Description of the task.
Could the listing below be reproduced exactly, minus its pictures?

:: Provided data

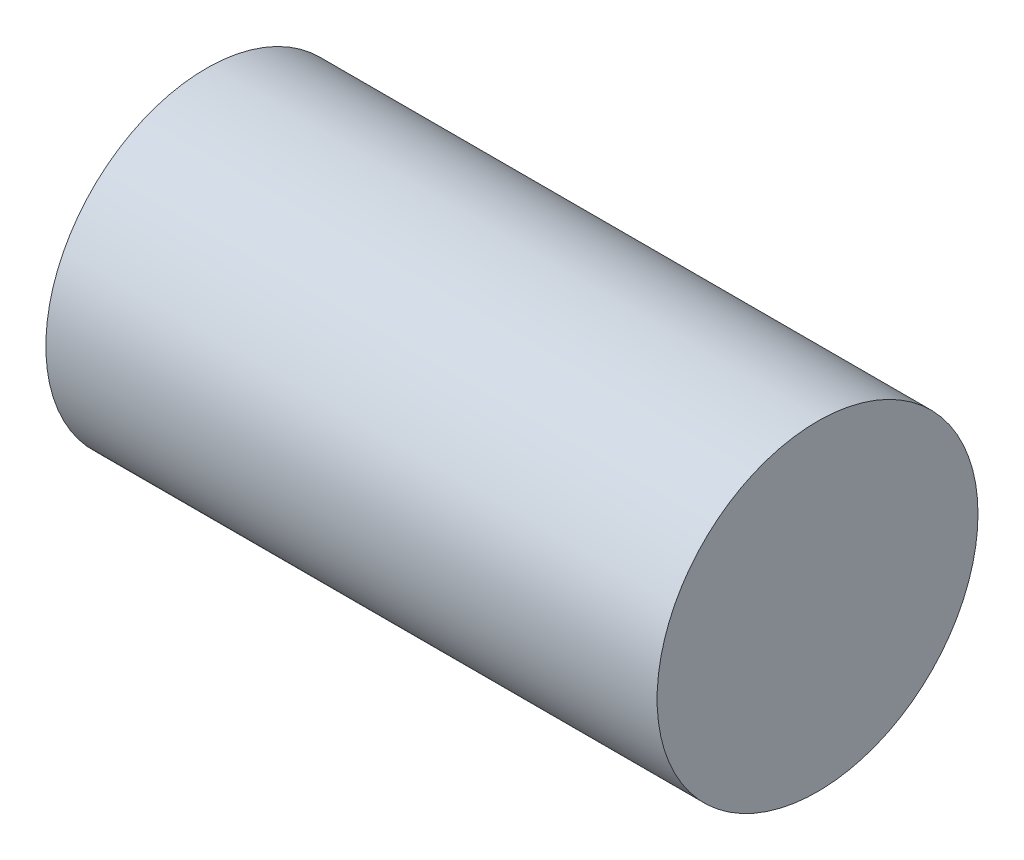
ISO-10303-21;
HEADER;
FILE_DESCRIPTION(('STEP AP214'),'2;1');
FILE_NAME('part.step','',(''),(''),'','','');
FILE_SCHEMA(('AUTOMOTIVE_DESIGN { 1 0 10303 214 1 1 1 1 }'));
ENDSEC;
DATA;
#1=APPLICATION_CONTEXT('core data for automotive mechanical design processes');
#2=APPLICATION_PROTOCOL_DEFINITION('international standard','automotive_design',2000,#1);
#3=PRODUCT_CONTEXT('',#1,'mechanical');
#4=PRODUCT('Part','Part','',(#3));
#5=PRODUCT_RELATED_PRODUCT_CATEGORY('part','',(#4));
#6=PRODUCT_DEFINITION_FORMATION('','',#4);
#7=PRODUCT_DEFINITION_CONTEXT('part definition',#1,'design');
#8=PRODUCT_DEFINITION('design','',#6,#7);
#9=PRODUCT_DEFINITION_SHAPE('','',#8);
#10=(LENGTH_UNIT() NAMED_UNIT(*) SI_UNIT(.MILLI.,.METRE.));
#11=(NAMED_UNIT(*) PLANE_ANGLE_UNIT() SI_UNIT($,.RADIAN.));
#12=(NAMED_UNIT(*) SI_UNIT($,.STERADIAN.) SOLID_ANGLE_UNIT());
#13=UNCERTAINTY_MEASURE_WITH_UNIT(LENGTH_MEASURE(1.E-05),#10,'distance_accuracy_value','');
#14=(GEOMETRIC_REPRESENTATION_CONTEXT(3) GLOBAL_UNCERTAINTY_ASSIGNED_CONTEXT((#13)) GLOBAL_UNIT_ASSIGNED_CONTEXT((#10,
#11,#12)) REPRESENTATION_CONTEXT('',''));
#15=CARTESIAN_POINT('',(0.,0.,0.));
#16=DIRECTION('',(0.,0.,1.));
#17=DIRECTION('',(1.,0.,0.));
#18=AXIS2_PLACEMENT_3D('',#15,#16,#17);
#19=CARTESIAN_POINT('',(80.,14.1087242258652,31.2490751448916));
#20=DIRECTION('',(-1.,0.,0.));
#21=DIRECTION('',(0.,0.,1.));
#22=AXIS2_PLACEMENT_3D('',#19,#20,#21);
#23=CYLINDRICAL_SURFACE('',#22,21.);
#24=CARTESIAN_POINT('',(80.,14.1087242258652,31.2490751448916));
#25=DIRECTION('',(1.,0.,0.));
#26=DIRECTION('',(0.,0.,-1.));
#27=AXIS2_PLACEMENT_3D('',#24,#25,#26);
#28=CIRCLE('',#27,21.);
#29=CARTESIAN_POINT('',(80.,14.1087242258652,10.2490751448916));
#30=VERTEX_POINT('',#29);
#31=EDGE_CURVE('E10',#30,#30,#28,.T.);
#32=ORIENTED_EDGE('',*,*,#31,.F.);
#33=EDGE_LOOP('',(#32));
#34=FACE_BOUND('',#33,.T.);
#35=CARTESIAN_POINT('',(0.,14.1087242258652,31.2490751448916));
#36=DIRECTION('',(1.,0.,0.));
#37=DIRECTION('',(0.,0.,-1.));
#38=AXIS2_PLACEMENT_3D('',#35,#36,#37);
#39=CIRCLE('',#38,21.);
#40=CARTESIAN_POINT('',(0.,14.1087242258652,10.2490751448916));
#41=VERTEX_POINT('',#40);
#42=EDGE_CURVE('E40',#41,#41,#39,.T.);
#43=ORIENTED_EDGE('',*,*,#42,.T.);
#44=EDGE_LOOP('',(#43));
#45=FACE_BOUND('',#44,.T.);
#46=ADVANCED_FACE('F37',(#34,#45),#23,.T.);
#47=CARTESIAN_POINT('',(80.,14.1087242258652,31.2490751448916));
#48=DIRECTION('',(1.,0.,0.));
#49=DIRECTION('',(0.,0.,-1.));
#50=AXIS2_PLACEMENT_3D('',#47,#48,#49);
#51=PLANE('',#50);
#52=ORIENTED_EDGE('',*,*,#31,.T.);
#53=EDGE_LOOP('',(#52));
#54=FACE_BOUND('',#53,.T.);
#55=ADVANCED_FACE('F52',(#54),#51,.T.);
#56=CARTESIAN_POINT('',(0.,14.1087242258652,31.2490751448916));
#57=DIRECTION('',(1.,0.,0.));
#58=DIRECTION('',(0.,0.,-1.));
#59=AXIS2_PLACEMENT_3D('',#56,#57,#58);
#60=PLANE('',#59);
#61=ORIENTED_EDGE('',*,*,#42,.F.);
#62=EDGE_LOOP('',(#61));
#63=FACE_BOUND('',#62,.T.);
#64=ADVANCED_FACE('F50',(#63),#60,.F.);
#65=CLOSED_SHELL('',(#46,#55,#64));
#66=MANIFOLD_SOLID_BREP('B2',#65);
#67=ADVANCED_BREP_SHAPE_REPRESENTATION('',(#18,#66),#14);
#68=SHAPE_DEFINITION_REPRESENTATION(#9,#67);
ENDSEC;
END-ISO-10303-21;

::::

Completed exercise.
ISO-10303-21;
HEADER;
FILE_DESCRIPTION(('STEP AP214'),'2;1');
FILE_NAME('part.step','',(''),(''),'','','');
FILE_SCHEMA(('AUTOMOTIVE_DESIGN { 1 0 10303 214 1 1 1 1 }'));
ENDSEC;
DATA;
#1=APPLICATION_CONTEXT('core data for automotive mechanical design processes');
#2=APPLICATION_PROTOCOL_DEFINITION('international standard','automotive_design',2000,#1);
#3=PRODUCT_CONTEXT('',#1,'mechanical');
#4=PRODUCT('Part','Part','',(#3));
#5=PRODUCT_RELATED_PRODUCT_CATEGORY('part','',(#4));
#6=PRODUCT_DEFINITION_FORMATION('','',#4);
#7=PRODUCT_DEFINITION_CONTEXT('part definition',#1,'design');
#8=PRODUCT_DEFINITION('design','',#6,#7);
#9=PRODUCT_DEFINITION_SHAPE('','',#8);
#10=(LENGTH_UNIT() NAMED_UNIT(*) SI_UNIT(.MILLI.,.METRE.));
#11=(NAMED_UNIT(*) PLANE_ANGLE_UNIT() SI_UNIT($,.RADIAN.));
#12=(NAMED_UNIT(*) SI_UNIT($,.STERADIAN.) SOLID_ANGLE_UNIT());
#13=UNCERTAINTY_MEASURE_WITH_UNIT(LENGTH_MEASURE(1.E-05),#10,'distance_accuracy_value','');
#14=(GEOMETRIC_REPRESENTATION_CONTEXT(3) GLOBAL_UNCERTAINTY_ASSIGNED_CONTEXT((#13)) GLOBAL_UNIT_ASSIGNED_CONTEXT((#10,
#11,#12)) REPRESENTATION_CONTEXT('',''));
#15=CARTESIAN_POINT('',(0.,0.,0.));
#16=DIRECTION('',(0.,0.,1.));
#17=DIRECTION('',(1.,0.,0.));
#18=AXIS2_PLACEMENT_3D('',#15,#16,#17);
#19=CARTESIAN_POINT('',(80.,14.1087242258652,31.2490751448916));
#20=DIRECTION('',(-1.,0.,0.));
#21=DIRECTION('',(0.,0.,1.));
#22=AXIS2_PLACEMENT_3D('',#19,#20,#21);
#23=CYLINDRICAL_SURFACE('',#22,21.);
#24=CARTESIAN_POINT('',(80.,14.1087242258652,31.2490751448916));
#25=DIRECTION('',(1.,0.,0.));
#26=DIRECTION('',(0.,0.,-1.));
#27=AXIS2_PLACEMENT_3D('',#24,#25,#26);
#28=CIRCLE('',#27,21.);
#29=CARTESIAN_POINT('',(80.,14.1087242258652,10.2490751448916));
#30=VERTEX_POINT('',#29);
#31=EDGE_CURVE('E10',#30,#30,#28,.T.);
#32=ORIENTED_EDGE('',*,*,#31,.F.);
#33=EDGE_LOOP('',(#32));
#34=FACE_BOUND('',#33,.T.);
#35=CARTESIAN_POINT('',(0.,14.1087242258652,31.2490751448916));
#36=DIRECTION('',(1.,0.,0.));
#37=DIRECTION('',(0.,0.,-1.));
#38=AXIS2_PLACEMENT_3D('',#35,#36,#37);
#39=CIRCLE('',#38,21.);
#40=CARTESIAN_POINT('',(0.,14.1087242258652,10.2490751448916));
#41=VERTEX_POINT('',#40);
#42=EDGE_CURVE('E40',#41,#41,#39,.T.);
#43=ORIENTED_EDGE('',*,*,#42,.T.);
#44=EDGE_LOOP('',(#43));
#45=FACE_BOUND('',#44,.T.);
#46=ADVANCED_FACE('F37',(#34,#45),#23,.T.);
#47=CARTESIAN_POINT('',(80.,14.1087242258652,31.2490751448916));
#48=DIRECTION('',(1.,0.,0.));
#49=DIRECTION('',(0.,0.,-1.));
#50=AXIS2_PLACEMENT_3D('',#47,#48,#49);
#51=PLANE('',#50);
#52=ORIENTED_EDGE('',*,*,#31,.T.);
#53=EDGE_LOOP('',(#52));
#54=FACE_BOUND('',#53,.T.);
#55=ADVANCED_FACE('F52',(#54),#51,.T.);
#56=CARTESIAN_POINT('',(0.,14.1087242258652,31.2490751448916));
#57=DIRECTION('',(1.,0.,0.));
#58=DIRECTION('',(0.,0.,-1.));
#59=AXIS2_PLACEMENT_3D('',#56,#57,#58);
#60=PLANE('',#59);
#61=ORIENTED_EDGE('',*,*,#42,.F.);
#62=EDGE_LOOP('',(#61));
#63=FACE_BOUND('',#62,.T.);
#64=ADVANCED_FACE('F50',(#63),#60,.F.);
#65=CLOSED_SHELL('',(#46,#55,#64));
#66=MANIFOLD_SOLID_BREP('B2',#65);
#67=ADVANCED_BREP_SHAPE_REPRESENTATION('',(#18,#66),#14);
#68=SHAPE_DEFINITION_REPRESENTATION(#9,#67);
ENDSEC;
END-ISO-10303-21;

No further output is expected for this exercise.